Nor is the system infallible. Some vegetables, especially winter crops, overlap inconveniently with others. Some pathogens survive in the soil for many years, so you still need to be alert for symptoms of disorders. Opinions differ about whether it is better to isolate crops with common serious disorders – separating potatoes and tomatoes to prevent the spread of blight – or grow them together to keep the problem in one place, where it is more manageable. Experience will determine your own preferred approach.

SAMPLE ROTATION PLAN

This example of a rotation plan shows how three different allotment beds are planted up with the three main plant groups of legumes, brassicas and root crops over a four-year period.

LEGUMES Podded crops like garden peas, French beans, runner beans and broad beans.

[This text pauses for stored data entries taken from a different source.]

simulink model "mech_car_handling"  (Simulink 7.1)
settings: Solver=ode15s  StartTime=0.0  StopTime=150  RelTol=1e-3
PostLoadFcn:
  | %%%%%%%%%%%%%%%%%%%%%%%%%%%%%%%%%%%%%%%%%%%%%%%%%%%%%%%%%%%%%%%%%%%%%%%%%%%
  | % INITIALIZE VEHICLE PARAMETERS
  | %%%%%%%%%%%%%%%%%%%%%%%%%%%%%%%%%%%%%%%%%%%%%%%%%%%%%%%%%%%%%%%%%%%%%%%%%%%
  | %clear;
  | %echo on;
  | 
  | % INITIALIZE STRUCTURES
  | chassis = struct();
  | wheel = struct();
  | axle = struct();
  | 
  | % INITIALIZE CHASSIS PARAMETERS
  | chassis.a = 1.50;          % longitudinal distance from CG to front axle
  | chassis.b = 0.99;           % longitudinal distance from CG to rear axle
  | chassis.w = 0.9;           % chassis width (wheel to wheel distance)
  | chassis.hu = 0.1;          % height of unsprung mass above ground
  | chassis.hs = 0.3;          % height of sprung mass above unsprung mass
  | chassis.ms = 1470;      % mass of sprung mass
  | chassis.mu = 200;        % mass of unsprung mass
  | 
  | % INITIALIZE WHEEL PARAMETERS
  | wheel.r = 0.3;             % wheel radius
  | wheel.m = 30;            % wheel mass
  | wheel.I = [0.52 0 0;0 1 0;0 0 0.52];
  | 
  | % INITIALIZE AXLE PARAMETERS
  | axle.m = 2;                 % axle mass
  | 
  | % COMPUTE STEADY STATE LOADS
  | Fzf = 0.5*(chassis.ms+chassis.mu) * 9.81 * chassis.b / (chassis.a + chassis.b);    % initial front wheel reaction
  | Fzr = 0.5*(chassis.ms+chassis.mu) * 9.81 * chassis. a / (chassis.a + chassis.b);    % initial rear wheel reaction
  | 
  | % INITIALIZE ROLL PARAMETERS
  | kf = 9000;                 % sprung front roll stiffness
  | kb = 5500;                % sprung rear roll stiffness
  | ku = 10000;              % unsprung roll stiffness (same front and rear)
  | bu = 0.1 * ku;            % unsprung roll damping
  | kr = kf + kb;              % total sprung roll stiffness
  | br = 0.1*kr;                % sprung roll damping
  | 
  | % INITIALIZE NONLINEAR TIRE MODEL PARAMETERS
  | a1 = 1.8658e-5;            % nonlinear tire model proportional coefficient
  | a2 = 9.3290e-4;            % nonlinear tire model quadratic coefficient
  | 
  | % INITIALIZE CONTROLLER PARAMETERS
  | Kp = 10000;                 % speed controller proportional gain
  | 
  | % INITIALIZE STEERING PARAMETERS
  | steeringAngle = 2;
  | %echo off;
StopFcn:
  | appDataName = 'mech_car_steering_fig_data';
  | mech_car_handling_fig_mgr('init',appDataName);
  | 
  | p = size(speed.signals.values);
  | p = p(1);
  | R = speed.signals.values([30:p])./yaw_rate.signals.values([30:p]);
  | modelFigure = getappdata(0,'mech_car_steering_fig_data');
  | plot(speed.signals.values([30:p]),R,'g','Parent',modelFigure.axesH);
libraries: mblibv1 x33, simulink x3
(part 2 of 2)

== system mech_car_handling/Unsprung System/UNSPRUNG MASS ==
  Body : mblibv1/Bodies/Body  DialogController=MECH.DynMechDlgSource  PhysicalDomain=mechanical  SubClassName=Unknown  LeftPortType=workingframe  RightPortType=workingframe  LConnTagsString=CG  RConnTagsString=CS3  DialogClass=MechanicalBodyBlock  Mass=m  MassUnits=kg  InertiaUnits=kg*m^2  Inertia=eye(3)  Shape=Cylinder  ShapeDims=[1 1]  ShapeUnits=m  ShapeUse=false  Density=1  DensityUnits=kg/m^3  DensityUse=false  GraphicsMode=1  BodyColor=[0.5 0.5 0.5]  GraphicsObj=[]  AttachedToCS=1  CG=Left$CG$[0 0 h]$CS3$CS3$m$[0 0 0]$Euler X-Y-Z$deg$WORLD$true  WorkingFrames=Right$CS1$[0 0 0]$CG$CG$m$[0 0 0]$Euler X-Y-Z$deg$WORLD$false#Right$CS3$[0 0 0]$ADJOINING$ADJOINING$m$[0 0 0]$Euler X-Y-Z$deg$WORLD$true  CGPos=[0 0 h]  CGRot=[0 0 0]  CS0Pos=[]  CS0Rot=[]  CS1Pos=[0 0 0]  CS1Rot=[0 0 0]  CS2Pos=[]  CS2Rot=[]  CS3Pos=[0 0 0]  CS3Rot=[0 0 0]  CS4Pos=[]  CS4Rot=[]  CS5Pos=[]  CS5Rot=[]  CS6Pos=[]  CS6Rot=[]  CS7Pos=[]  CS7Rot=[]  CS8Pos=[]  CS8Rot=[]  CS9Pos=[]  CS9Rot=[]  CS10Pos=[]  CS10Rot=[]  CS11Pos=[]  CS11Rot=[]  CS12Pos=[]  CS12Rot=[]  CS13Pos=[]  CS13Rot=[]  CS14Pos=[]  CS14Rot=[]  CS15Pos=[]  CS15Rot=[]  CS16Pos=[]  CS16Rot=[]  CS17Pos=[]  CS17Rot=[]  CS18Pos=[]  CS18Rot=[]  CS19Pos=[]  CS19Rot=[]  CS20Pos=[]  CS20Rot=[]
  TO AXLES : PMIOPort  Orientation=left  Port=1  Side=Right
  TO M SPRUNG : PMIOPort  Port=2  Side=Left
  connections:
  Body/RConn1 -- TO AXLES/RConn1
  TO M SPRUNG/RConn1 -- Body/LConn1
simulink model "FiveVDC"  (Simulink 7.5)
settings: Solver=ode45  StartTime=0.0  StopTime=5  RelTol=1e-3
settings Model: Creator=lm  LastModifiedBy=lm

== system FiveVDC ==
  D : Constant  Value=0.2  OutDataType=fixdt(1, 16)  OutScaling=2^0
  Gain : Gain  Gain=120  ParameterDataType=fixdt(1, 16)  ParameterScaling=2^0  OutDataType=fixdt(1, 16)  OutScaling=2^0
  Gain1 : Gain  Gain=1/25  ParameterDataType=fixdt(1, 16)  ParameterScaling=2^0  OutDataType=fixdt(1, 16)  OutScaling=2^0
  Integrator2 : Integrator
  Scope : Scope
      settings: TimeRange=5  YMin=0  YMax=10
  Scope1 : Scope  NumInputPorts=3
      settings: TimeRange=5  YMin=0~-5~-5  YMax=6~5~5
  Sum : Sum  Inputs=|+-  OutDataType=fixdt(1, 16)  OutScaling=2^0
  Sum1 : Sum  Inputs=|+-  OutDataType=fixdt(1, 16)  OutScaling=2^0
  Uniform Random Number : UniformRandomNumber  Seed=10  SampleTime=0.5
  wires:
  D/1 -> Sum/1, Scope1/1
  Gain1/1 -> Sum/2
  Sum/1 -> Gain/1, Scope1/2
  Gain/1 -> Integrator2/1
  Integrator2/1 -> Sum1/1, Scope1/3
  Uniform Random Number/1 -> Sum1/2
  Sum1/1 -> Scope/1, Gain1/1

▸Grow the onion family (bulbing onions, leeks, shallots, salad onions and garlic) here, as they like the same soil preparation.

BRASSICAS Cabbages, cauliflowers, Chinese cabbages, oriental greens, Brussels sprouts, calabrese, sprouting broccoli and kale. If brassica diseases are a problem, include turnips and swedes in the brassica group; otherwise treat them as root crops.

▸ Interplant fully spaced brassicas with salad and leaf crops such as lettuce, chicory, endive, corn salad, land cress, claytonia and spinach.

ROOT CROPS Potatoes, carrots, beetroot, radishes, parsnips, swedes, turnips.

▸ Salad and leaf crops may also be grown with this group. Add sweetcorn, celery and celeriac.

OTHER PLANT GROUPS Members of the pumpkin family (squashes, courgettes, marrows, outdoor cucumbers and melons), as well as summer-fruiting vegetables like tomatoes, peppers and aubergines, may be grown with any of the above plant groups, wherever there is space.

BED A

YEAR 1: LEGUMES

CROPS TO GROW Podded vegetables and onion family.

CULTIVATION Dig in plenty of manure or compost. After harvest plant onions to overwinter and overlap with Brassicas in Year 2.

YEAR 2: BRASSICAS

CROPS TO GROW Cabbage family interplanted with salads.

CULTIVATION Add leafmould or more compost, forked in or as a mulch, and lime the soil if it is acid. In autumn mulch with more compost, to raise fertility for Root crops in Year 3.

YEAR 3: ROOT CROPS

CROPS TO GROW Root crops, leaf crops and extras like sweetcorn.

CULTIVATION Add more compost. After harvest sow green manure to dig in before Legumes in Year 4.